Task objective: Copy out every line of the listing in which "schematic" appears.

....................

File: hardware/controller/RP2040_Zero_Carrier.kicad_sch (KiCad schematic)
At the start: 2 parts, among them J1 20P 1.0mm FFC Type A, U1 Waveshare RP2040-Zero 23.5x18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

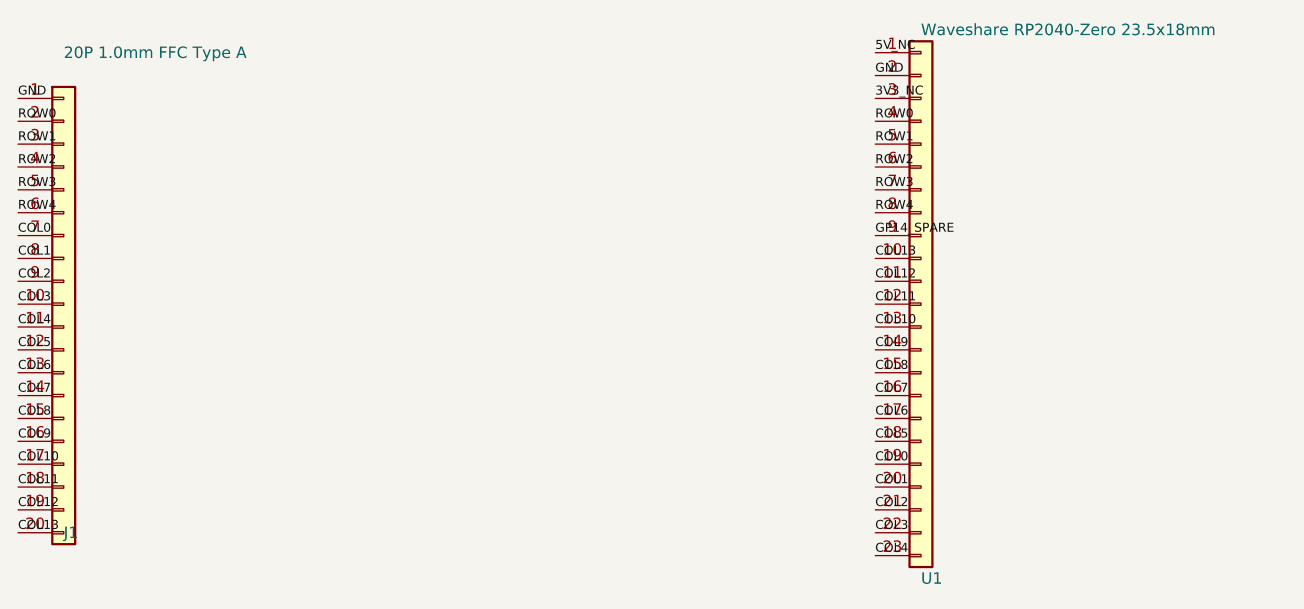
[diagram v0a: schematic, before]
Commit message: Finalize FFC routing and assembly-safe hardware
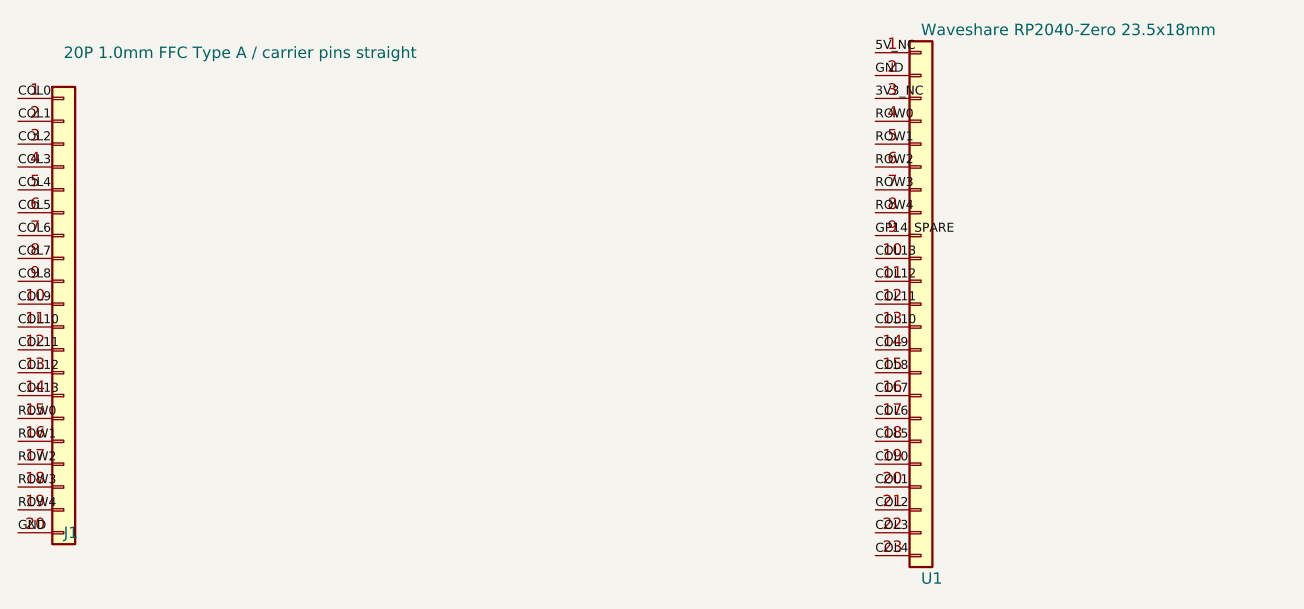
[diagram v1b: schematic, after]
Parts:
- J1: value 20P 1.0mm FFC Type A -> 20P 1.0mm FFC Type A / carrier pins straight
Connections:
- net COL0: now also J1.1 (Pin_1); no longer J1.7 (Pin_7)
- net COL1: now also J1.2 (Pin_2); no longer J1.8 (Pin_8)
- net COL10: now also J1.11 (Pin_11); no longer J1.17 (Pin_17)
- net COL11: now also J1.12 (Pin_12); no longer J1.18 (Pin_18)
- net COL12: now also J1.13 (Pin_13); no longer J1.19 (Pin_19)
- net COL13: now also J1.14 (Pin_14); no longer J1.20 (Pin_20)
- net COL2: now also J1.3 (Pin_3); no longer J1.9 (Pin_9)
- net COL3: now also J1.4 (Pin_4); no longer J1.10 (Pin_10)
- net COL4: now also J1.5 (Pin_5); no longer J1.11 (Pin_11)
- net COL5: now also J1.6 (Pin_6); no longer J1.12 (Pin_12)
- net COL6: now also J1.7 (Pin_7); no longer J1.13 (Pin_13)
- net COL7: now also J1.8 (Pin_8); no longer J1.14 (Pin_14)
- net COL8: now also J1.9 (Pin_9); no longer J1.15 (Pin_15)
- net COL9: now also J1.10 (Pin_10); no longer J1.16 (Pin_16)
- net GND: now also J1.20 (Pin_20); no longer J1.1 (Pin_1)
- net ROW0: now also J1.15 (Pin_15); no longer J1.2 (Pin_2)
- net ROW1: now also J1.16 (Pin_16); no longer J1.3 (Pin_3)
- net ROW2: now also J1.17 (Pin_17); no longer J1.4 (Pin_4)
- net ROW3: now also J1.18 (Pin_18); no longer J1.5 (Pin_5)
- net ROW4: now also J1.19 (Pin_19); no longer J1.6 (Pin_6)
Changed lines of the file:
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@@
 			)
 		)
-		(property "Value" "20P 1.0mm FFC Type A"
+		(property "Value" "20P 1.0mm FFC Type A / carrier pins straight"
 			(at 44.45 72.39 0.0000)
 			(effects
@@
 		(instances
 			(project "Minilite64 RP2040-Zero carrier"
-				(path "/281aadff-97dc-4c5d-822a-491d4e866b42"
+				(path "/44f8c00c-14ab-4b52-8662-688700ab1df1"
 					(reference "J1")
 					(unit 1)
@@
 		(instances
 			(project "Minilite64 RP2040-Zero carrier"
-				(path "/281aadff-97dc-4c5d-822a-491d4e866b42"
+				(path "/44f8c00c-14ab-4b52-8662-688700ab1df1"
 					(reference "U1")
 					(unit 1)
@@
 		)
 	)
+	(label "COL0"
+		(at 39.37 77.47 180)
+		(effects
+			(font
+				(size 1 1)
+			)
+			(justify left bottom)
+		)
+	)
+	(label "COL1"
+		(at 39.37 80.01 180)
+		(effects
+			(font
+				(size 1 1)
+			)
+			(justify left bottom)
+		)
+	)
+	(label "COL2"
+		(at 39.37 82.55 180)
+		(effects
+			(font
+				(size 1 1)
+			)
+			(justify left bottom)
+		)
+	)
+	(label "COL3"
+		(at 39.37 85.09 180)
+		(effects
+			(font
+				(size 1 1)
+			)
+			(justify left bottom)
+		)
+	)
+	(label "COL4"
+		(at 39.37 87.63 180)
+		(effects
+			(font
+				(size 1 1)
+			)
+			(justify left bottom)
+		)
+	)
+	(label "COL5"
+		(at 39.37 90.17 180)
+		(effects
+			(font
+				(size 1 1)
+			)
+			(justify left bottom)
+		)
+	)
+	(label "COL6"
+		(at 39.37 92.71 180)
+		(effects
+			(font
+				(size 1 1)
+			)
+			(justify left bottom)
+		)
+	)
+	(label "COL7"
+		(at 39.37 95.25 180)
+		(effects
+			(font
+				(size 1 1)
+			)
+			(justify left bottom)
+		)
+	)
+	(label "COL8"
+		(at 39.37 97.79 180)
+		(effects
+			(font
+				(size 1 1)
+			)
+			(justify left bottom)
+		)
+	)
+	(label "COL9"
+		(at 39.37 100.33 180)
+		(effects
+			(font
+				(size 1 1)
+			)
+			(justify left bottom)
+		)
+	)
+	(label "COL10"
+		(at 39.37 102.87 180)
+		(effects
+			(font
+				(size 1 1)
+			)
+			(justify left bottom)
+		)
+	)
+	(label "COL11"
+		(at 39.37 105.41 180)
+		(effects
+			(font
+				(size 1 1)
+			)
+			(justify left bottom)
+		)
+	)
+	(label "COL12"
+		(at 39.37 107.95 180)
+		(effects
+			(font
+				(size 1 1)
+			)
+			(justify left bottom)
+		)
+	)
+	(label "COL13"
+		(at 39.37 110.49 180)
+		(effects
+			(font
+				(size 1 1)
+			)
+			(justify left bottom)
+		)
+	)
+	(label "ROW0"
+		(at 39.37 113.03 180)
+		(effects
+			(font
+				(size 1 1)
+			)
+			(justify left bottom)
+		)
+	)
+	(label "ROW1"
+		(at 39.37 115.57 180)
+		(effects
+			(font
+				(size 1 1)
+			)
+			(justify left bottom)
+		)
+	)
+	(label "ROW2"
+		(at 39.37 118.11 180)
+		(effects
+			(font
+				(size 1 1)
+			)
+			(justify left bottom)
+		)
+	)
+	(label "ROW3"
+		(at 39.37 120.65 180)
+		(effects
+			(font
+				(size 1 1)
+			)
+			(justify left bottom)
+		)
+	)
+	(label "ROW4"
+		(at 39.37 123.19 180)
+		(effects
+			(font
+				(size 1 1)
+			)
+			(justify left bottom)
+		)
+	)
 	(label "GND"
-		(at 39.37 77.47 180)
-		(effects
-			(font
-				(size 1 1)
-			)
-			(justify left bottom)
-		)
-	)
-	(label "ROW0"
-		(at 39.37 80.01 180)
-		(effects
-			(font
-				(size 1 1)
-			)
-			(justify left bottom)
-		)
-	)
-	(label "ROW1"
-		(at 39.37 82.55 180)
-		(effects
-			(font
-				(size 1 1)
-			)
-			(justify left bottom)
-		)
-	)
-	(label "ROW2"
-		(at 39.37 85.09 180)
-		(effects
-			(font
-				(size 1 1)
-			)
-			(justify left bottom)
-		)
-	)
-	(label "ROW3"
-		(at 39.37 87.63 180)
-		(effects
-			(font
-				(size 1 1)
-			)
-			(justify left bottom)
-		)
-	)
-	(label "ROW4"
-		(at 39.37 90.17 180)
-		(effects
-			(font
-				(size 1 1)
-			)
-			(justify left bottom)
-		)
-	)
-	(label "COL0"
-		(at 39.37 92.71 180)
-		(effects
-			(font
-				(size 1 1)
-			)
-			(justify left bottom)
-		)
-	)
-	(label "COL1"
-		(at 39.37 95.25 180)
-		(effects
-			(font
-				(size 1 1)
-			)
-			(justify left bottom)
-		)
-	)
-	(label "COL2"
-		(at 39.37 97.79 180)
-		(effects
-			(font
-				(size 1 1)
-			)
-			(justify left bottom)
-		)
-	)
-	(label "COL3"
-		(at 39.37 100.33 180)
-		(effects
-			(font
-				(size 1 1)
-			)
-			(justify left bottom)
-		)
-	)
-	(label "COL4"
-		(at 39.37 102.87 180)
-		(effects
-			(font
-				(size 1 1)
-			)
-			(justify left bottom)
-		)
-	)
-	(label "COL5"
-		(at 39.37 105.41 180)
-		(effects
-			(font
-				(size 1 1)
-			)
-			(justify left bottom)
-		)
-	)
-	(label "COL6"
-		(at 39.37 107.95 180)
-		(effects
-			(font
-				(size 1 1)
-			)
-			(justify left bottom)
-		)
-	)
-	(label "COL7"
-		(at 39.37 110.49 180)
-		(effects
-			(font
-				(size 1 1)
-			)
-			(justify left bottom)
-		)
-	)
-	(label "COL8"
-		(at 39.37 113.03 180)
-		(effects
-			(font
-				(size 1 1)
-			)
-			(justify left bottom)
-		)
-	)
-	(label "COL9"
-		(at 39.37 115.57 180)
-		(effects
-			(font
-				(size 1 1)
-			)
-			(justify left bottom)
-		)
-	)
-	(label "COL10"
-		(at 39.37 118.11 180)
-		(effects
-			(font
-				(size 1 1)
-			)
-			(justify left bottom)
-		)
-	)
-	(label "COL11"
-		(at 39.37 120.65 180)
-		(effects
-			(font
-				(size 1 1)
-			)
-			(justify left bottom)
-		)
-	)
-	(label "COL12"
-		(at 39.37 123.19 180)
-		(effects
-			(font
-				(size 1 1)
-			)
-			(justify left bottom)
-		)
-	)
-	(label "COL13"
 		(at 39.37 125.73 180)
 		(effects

....................

Your solution:
File: hardware/controller/RP2040_Zero_Carrier.kicad_sch (KiCad schematic)
[diagram v0a: schematic, before]
[diagram v1b: schematic, after]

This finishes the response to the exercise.